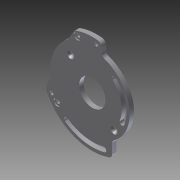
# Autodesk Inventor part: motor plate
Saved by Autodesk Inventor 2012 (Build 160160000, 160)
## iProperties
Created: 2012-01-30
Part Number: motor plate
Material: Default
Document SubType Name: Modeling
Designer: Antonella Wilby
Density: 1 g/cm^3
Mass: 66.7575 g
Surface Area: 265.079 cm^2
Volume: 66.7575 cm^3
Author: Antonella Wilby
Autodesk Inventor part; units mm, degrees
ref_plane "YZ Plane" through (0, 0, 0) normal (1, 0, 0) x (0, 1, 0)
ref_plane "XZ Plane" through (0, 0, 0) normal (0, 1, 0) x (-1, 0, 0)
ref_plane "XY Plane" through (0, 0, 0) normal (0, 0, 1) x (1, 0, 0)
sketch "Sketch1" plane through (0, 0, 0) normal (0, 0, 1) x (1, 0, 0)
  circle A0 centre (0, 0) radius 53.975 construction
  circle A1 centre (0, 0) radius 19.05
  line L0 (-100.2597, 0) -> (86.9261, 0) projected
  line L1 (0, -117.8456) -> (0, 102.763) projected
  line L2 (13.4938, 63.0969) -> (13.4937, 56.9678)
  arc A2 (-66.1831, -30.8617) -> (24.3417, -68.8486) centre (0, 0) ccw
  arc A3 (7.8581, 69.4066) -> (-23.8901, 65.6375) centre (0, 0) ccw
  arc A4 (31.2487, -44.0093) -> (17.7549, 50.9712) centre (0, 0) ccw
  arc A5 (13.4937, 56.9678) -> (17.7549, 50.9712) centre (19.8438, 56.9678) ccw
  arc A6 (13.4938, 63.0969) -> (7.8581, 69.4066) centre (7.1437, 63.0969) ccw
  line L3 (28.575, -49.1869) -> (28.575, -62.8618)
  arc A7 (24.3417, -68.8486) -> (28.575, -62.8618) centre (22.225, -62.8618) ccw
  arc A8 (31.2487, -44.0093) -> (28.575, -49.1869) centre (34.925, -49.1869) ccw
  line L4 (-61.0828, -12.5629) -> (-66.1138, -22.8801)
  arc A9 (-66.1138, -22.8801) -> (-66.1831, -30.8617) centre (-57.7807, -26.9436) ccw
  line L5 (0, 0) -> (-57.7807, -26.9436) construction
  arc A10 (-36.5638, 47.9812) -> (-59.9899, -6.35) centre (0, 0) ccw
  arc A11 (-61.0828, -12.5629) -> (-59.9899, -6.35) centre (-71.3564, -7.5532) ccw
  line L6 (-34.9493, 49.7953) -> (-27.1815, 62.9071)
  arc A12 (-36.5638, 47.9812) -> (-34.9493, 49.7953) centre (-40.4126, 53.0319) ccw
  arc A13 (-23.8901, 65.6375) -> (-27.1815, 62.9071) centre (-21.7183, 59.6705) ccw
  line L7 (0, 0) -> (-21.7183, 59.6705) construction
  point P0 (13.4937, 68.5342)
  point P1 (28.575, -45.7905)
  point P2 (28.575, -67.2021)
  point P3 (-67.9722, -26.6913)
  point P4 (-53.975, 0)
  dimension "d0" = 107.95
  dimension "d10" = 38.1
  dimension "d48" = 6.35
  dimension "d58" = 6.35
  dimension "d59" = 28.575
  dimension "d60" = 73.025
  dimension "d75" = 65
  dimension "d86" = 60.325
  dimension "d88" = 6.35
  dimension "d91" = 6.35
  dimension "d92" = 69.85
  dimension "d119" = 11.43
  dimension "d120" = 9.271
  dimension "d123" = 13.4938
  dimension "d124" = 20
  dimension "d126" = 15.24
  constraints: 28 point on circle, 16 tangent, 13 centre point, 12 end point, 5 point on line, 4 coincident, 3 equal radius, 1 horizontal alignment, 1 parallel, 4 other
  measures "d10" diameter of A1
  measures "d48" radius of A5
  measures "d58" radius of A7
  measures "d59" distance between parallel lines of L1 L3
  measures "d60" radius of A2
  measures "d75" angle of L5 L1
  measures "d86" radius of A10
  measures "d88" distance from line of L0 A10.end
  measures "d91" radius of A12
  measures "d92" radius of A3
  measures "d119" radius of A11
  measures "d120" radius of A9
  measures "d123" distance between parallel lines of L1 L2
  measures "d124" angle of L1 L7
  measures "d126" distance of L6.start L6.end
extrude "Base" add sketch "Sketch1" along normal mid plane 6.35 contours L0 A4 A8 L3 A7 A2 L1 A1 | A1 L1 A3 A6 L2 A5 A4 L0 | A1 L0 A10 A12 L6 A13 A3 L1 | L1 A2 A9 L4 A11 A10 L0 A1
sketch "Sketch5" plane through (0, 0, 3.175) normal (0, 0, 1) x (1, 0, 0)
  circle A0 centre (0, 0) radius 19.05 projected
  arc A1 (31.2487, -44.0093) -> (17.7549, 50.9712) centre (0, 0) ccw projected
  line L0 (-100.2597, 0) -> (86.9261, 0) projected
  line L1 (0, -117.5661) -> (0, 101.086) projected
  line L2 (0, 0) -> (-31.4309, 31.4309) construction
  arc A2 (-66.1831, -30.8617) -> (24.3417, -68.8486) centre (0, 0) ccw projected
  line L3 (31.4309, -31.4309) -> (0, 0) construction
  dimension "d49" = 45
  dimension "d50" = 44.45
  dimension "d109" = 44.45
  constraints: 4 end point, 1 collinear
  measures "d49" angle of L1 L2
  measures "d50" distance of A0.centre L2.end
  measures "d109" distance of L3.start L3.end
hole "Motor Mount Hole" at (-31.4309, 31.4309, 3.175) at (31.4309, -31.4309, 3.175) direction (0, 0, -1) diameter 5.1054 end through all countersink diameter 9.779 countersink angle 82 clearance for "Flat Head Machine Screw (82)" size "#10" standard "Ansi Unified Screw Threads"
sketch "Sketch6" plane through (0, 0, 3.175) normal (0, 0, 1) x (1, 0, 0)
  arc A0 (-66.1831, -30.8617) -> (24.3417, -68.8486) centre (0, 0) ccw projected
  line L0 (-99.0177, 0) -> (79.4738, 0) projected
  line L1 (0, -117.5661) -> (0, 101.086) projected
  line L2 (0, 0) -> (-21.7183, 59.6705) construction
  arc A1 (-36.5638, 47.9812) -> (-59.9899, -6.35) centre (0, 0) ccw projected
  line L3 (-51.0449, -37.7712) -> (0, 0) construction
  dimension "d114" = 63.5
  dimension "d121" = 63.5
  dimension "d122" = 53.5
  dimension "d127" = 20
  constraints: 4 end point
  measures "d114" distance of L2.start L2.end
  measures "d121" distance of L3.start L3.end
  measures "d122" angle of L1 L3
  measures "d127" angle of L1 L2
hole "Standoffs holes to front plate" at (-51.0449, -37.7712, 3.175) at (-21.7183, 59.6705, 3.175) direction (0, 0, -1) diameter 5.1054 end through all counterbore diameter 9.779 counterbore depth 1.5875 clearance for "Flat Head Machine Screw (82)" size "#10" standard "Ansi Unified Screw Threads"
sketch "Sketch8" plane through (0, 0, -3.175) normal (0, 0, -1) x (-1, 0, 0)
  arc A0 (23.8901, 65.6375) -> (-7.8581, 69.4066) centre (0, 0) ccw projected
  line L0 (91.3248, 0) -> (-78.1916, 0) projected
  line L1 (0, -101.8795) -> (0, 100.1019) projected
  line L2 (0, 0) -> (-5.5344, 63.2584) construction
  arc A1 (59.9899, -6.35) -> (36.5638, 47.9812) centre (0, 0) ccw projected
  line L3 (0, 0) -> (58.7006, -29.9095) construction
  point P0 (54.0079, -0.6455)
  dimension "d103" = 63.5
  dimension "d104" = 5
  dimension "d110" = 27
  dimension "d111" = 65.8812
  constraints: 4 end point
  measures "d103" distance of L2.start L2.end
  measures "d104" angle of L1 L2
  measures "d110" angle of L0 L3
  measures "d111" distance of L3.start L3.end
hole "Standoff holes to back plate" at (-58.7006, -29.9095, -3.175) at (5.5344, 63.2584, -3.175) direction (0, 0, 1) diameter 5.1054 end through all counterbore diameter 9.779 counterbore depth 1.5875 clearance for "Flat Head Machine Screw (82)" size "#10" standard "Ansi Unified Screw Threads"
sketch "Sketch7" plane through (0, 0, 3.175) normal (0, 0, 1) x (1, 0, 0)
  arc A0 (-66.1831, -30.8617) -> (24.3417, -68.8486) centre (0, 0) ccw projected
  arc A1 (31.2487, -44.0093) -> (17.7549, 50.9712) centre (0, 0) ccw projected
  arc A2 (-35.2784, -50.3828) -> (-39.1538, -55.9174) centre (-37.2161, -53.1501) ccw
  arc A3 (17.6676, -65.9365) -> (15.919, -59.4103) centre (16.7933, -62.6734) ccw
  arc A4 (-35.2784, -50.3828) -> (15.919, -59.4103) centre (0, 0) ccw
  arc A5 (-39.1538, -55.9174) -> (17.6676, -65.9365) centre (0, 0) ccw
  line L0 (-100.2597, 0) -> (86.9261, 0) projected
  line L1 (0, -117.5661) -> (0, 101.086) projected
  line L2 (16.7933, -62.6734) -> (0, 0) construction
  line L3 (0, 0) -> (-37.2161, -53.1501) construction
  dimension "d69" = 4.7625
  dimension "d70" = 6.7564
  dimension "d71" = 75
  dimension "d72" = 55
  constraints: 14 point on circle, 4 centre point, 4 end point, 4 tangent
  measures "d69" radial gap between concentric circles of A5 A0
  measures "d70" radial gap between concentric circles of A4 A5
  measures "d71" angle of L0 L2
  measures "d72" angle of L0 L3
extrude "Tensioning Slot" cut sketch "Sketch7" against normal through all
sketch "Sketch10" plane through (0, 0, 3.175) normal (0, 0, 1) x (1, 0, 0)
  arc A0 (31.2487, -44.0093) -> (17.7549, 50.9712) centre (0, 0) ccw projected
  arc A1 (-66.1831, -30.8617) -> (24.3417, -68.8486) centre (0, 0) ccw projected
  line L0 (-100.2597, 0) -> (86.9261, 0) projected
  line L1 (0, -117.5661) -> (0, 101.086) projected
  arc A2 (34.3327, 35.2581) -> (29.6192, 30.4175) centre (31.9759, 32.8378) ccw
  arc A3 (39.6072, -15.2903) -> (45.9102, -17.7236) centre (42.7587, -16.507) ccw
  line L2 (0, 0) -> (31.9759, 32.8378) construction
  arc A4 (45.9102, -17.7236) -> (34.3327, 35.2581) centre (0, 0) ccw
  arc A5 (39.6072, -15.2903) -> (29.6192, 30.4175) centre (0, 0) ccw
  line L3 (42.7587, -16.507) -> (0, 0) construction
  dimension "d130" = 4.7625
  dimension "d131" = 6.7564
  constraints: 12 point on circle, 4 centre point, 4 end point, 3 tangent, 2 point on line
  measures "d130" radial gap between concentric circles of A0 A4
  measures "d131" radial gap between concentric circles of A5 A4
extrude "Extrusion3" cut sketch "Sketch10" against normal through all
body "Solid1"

— TASK OBJECTIVE —
Look through the entries above, and wherever a line holds the word "Antonella", copy it.

— YOUR RESPONSE —
Designer: Antonella Wilby
Author: Antonella Wilby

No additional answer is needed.